Starting at the top of the records below, write out each line exactly as it stands, stopping after the line with "from ezdxf import colors"; exclude the pictures.
-----
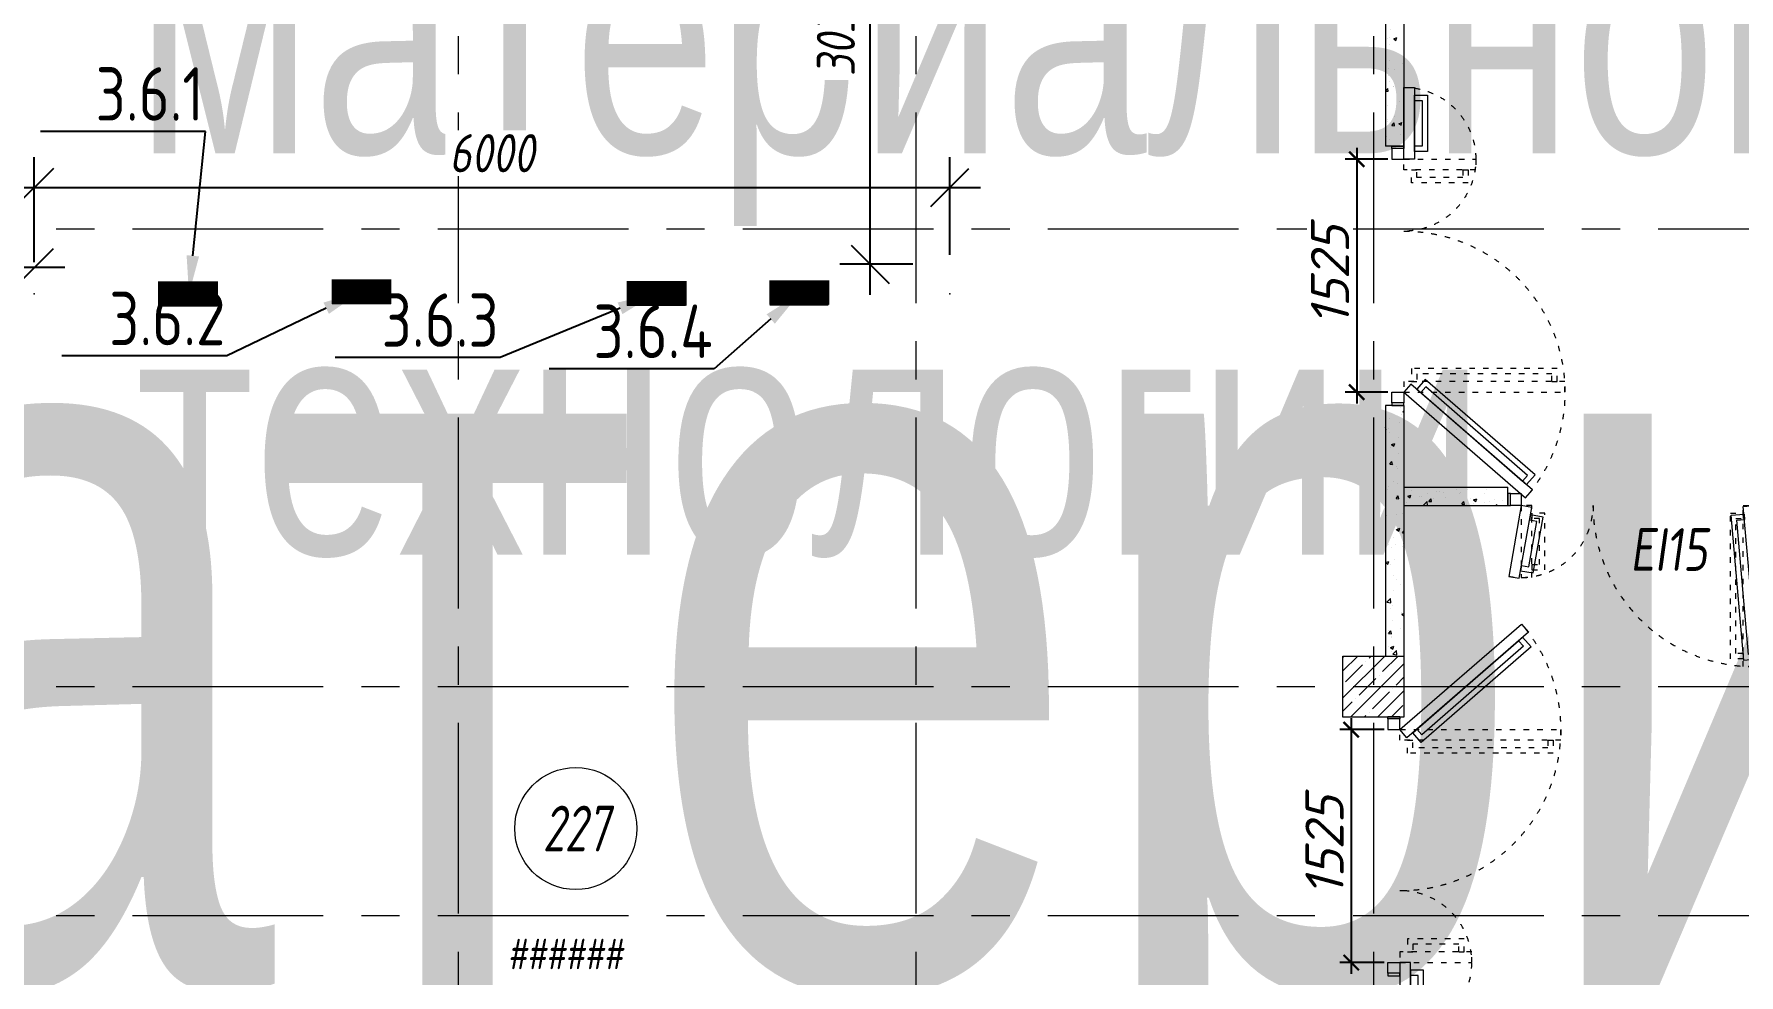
# Model space of a CAD drawing. Header units: millimetres. Extents: x 0 to 9491604, y -172998 to 295086.
# Drawn here: x 384412 to 395586, y 43894 to 50058 of the extents above; entities that cross this region are included whole.
import ezdxf
from ezdxf import colors
from ezdxf.entities.mleader import LeaderData, LeaderLine
from ezdxf.enums import TextEntityAlignment as Align
from ezdxf.math import Vec2, Vec3

# ---------------------------------------------------------------- set-up
doc = ezdxf.new("R2018")
doc.units = ezdxf.units.MM
doc.linetypes.add('ACAD_ISO03W100', pattern=[30, 12, -18])
doc.linetypes.add('CENTER', pattern=[2, 1.25, -0.25, 0.25, -0.25])
for name, color, linetype, lineweight in [('_TEXT', 7, 'Continuous', 30), ('Rigging-Truss-Insert Points', 7, 'Continuous', 5), ('TRUSS LIGHT', 7, 'Continuous', 5), ('АР_Двери', 7, 'Continuous', 0), ('АР_Колонны', 5, 'Continuous', 35), ('АР_Колонны Штрих', 250, 'Continuous', 5), ('АР_Маркер экспликации', 239, 'Continuous', 13), ('АР_Номер помещения', 250, 'Continuous', 9), ('АР_Оси', 7, 'Continuous', 25), ('АР_Перегородки витражные', 152, 'Continuous', 13), ('АР_Перегородки газоблок', 165, 'Continuous', 30), ('АР_Перегородки газоблок_Штрих', 165, 'Continuous', 5)]:
    doc.layers.add(name, color=color, linetype=linetype, lineweight=lineweight)
doc.layers.add('EI_DIMS_DETAIL', color=7, linetype='Continuous')
doc.layers.add('АР_Названия помещений', color=124, linetype='Continuous', lineweight=5, plot=False)
doc.layers.add('АР_Помещения_площадь', color=19, linetype='Continuous', lineweight=9, plot=False)
doc.layers.add('АР_ПБ_Двери', color=7, linetype='Continuous', lineweight=15, true_color=0xdb0000)
doc.styles.add('ISOCPEUR', font='', dxfattribs={"height": 250})
doc.styles.get("Standard").update_dxf_attribs({"font": 'GOST.TTF'})
doc.styles.add('Архитект', font='isocpeur.ttf', dxfattribs={"width": 0.8, "oblique": 8})
doc.styles.add('ГОСТ 2.304', font='CS_Gost2304.shx', dxfattribs={"oblique": 10})
doc.styles.get('ISOCPEUR').set_extended_font_data('ISOCPEUR', italic=True)
doc.dimstyles.new('R_100', dxfattribs={"dimtxt": 250, "dimasz": 100, "dimexe": 75, "dimexo": 25, "dimgap": 50, "dimtad": 1, "dimdec": 0, "dimrnd": 5, "dimzin": 0, "dimdsep": 46, "dimtxsty": 'ISOCPEUR', "dimblk": 'ARCHTICK', "dimcen": 0, "dimdle": 75, "dimclrd": 256, "dimclre": 256, "dimclrt": 256, "dimadec": 0, "dimazin": 0, "dimtfac": 2, "dimtdec": 0, "dimtofl": 0, "dimtmove": 1, "dimatfit": 3, "dimfxl": 1, "dimtvp": 3, "dimtfill": 1, "dimtolj": 1, "dimtzin": 0, "dimarcsym": 0})
doc.dimstyles.new('СПДС', dxfattribs={"dimscale": 100, "dimtxt": 2.5, "dimasz": 2.5, "dimexe": 2, "dimexo": 0.625, "dimgap": 1, "dimtad": 1, "dimdec": 0, "dimrnd": 5, "dimtxsty": 'ГОСТ 2.304', "dimblk": 'OBLIQUE', "dimblk1": 'OBLIQUE', "dimblk2": 'OBLIQUE', "dimcen": 2.5, "dimdle": 2, "dimadec": 0, "dimazin": 2, "dimtfac": 0.75, "dimtdec": 4, "dimtmove": 1, "dimatfit": 3, "dimfxl": 1, "dimtfill": 1, "dimtolj": 1, "dimarcsym": 1})
pattern_1 = [(50, (458486.46, -54817.56), (215.17805, -18.82564), [22.5, -247.5]), (355, (458486.46, -54817.56), (-41.6254, 225.65764), [18, -198]), (100.45144, (458504.4, -54819.13), (173.55265, 206.832), [19.12206, -210.34263]), (46.1842, (458486.46, -54757.56), (320.1724, -49.6558), [33.75, -371.25]), (96.63564, (458513.14, -54761.7), (280.3986, 292.2356), [28.6831, -315.5141]), (351.18416, (458486.46, -54757.56), (280.3986, 292.2356), [27, -297]), (21, (458516.46, -54772.56), (179.07212, -120.78567), [22.5, -247.5]), (326, (458516.46, -54772.56), (72.9946, 217.545), [18, -198]), (71.45144, (458531.38, -54782.63), (252.0667, 96.75935), [19.12206, -210.34263]), (37.5, (458486.46, -54817.56), (3.647957, 99.868156), [0, -195.6, 0, -201, 0, -198.75]), (7.5, (458486.46, -54817.56), (78.92086, 118.32351), [0, -114.6, 0, -191.1, 0, -75.75]), (327.5, (458419.56, -54817.56), (160.14673, -6.76646), [0, -75, 0, -234, 0, -310.5]), (317.5, (458389.56, -54817.56), (174.95585, 30.0315), [0, -97.5, 0, -155.4, 0, -220.5])]

# ---------------------------------------------------------------- blocks, each defined once
blk = doc.blocks.new('*U252')
at = {"color": 7, "style": 'ISOCPEUR', "width": 0.7, "flags": 1}
blk.add_attdef('КАТЕГОРИЯ', (-499, -2092), '', height=250, dxfattribs=at)
at = {"layer": 'АР_Номер помещения', "color": 7, "style": 'ISOCPEUR', "width": 0.7}
blk.add_attdef('НОМЕР_ПОМЕЩЕНИЯ', text='', height=300, dxfattribs=at).set_placement((-13875, 6638), align=Align.MIDDLE_CENTER)
at = {"layer": 'АР_Помещения_площадь', "color": 7, "lineweight": 30, "width": 0.7, "flags": 104}
blk.add_attdef('ИМЯ_ПОМЕЩЕНИЯ', text='', height=100, dxfattribs=at).set_placement((158, 1217), align=Align.MIDDLE_CENTER)
at = {"layer": 'АР_Помещения_площадь', "color": 7, "style": 'ISOCPEUR', "width": 0.7}
blk.add_attdef('ПЛОЩАДЬ_ПОМЕЩЕНИЯ', text='', height=200, dxfattribs=at).set_placement((-12655, 408), align=Align.MIDDLE_RIGHT)
blk = doc.blocks.new('*U253')
at = {"color": 7, "style": 'ISOCPEUR', "width": 0.7, "flags": 1}
blk.add_attdef('КАТЕГОРИЯ', (-499, -2092), '', height=250, dxfattribs=at)
at = {"layer": 'АР_Номер помещения', "color": 7, "style": 'ISOCPEUR', "width": 0.7}
blk.add_attdef('НОМЕР_ПОМЕЩЕНИЯ', text='', height=300, dxfattribs=at).set_placement((-16065, 2966), align=Align.MIDDLE_CENTER)
at = {"layer": 'АР_Помещения_площадь', "color": 7, "lineweight": 30, "width": 0.7, "flags": 104}
blk.add_attdef('ИМЯ_ПОМЕЩЕНИЯ', text='', height=100, dxfattribs=at).set_placement((158, 1217), align=Align.MIDDLE_CENTER)
at = {"layer": 'АР_Помещения_площадь', "color": 7, "style": 'ISOCPEUR', "width": 0.7}
blk.add_attdef('ПЛОЩАДЬ_ПОМЕЩЕНИЯ', text='', height=200, dxfattribs=at).set_placement((-14142, 502), align=Align.MIDDLE_RIGHT)
blk = doc.blocks.new('1700-3')
for points in [[(-476, 1526), (-12, 1444), (0, 1513), (-464, 1595)], [(0, -13), (-1051, -105), (-1057, -35), (-6, 57)]]:
    blk.add_lwpolyline(points, close=True)
for points in [[(80, 1600), (0, 1600), (0, 1583), (80, 1583), (80, 1600)], [(0, 1583), (80, 1583), (80, 1513), (50, 1513), (50, 1513), (0, 1513), (0, 1583)], [(-392, 1511), (-427, 1517), (-441, 1434), (-76, 1369), (-61, 1453), (-96, 1459)], [(-392, 1511), (-401, 1462), (-104, 1410), (-96, 1459)], [(-972, -28), (-1007, -31), (-1014, 54), (-63, 137), (-56, 52), (-91, 49)], [(-972, -28), (-976, 22), (-95, 99), (-91, 49)], [(0, -83), (80, -83), (80, -13), (50, -13), (50, -13), (0, -13), (0, -83)], [(80, -100), (0, -100), (0, -83), (80, -83), (80, -100)]]:
    blk.add_lwpolyline(points)
at = {"linetype": 'ACAD_ISO03W100', "ltscale": 3}
for points in [[(-471, 1443), (0, 1443), (0, 1513), (-471, 1513)], [(0, -13), (-1055, -13), (-1055, 57), (0, 57)]]:
    blk.add_lwpolyline(points, close=True, dxfattribs=at)
for points in [[(-386, 1443), (-421, 1443), (-421, 1358), (-50, 1358), (-50, 1443), (-85, 1443)], [(-386, 1443), (-386, 1393), (-85, 1393), (-85, 1443)], [(-970, 57), (-1005, 57), (-1005, 142), (-50, 142), (-50, 57), (-85, 57)], [(-970, 57), (-970, 107), (-85, 107), (-85, 57)]]:
    blk.add_lwpolyline(points, dxfattribs=at)
for centre, radius, start, end in [((0, 1513), 471, 170, 270), ((0, -13), 1055, 90, 181.2023)]:
    blk.add_arc(centre, radius, start, end, dxfattribs=at)
blk = doc.blocks.new('1700-2')
for points in [[(-155, 1934), (-155, 1563), (-70, 1563), (-70, 1934)], [(-70, 1984), (-70, 1513), (0, 1513), (0, 1984)], [(-120, 1899), (-120, 1598), (-70, 1598), (-70, 1899)], [(-84, 7), (-804, -619), (-860, -555), (-139, 71)], [(0, -13), (-796, -705), (-842, -652), (-46, 40)], [(-110, -16), (-778, -596), (-810, -559), (-143, 22)]]:
    blk.add_lwpolyline(points, close=True)
for points in [[(80, 1600), (0, 1600), (0, 1583), (80, 1583), (80, 1600)], [(0, 1583), (80, 1583), (80, 1513), (50, 1513), (50, 1513), (0, 1513), (0, 1583)], [(0, -83), (80, -83), (80, -13), (50, -13), (50, -13), (0, -13), (0, -83)], [(80, -100), (0, -100), (0, -83), (80, -83), (80, -100)]]:
    blk.add_lwpolyline(points)
at = {"linetype": 'ACAD_ISO03W100', "ltscale": 3}
for points in [[(-471, 1443), (0, 1443), (0, 1513), (-471, 1513)], [(0, -13), (-1055, -13), (-1055, 57), (0, 57)]]:
    blk.add_lwpolyline(points, close=True, dxfattribs=at)
for points in [[(-386, 1443), (-421, 1443), (-421, 1358), (-50, 1358), (-50, 1443), (-85, 1443)], [(-386, 1443), (-386, 1393), (-85, 1393), (-85, 1443)], [(-970, 57), (-1005, 57), (-1005, 142), (-50, 142), (-50, 57), (-85, 57)], [(-970, 57), (-970, 107), (-85, 107), (-85, 57)]]:
    blk.add_lwpolyline(points, dxfattribs=at)
for centre, radius, start, end in [((0, 1513), 471, 98.5242, 270), ((0, -13), 1055, 90, 221)]:
    blk.add_arc(centre, radius, start, end, dxfattribs=at)
blk = doc.blocks.new('_ARCHTICK')
at = {"color": 0, "linetype": 'ByBlock', "const_width": 0.15}
blk.add_lwpolyline([(-0.5, -0.5), (0.5, 0.5)], dxfattribs=at)
blk = doc.blocks.new('*D271')
at = {"layer": '_TEXT', "lineweight": -2, "ltscale": 500, "transparency": 16777216}
for p, q in [((393081, 49313), (393081, 47637)), ((393286, 49238), (393006, 49238)), ((393286, 47712), (393006, 47712))]:
    blk.add_line(p, q, dxfattribs=at)
at = {"layer": 'Defpoints', "color": 0, "lineweight": 9, "ltscale": 500, "transparency": 16777216}
for p in [(393311, 49238), (393081, 47712), (393311, 47712)]:
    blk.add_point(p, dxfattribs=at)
-----
## Solution for this task
# Model space of a CAD drawing. Header units: millimetres. Extents: x 0 to 9491604, y -172998 to 295086.
# Drawn here: x 384412 to 395586, y 43894 to 50058 of the extents above; entities that cross this region are included whole.
import ezdxf
from ezdxf import colors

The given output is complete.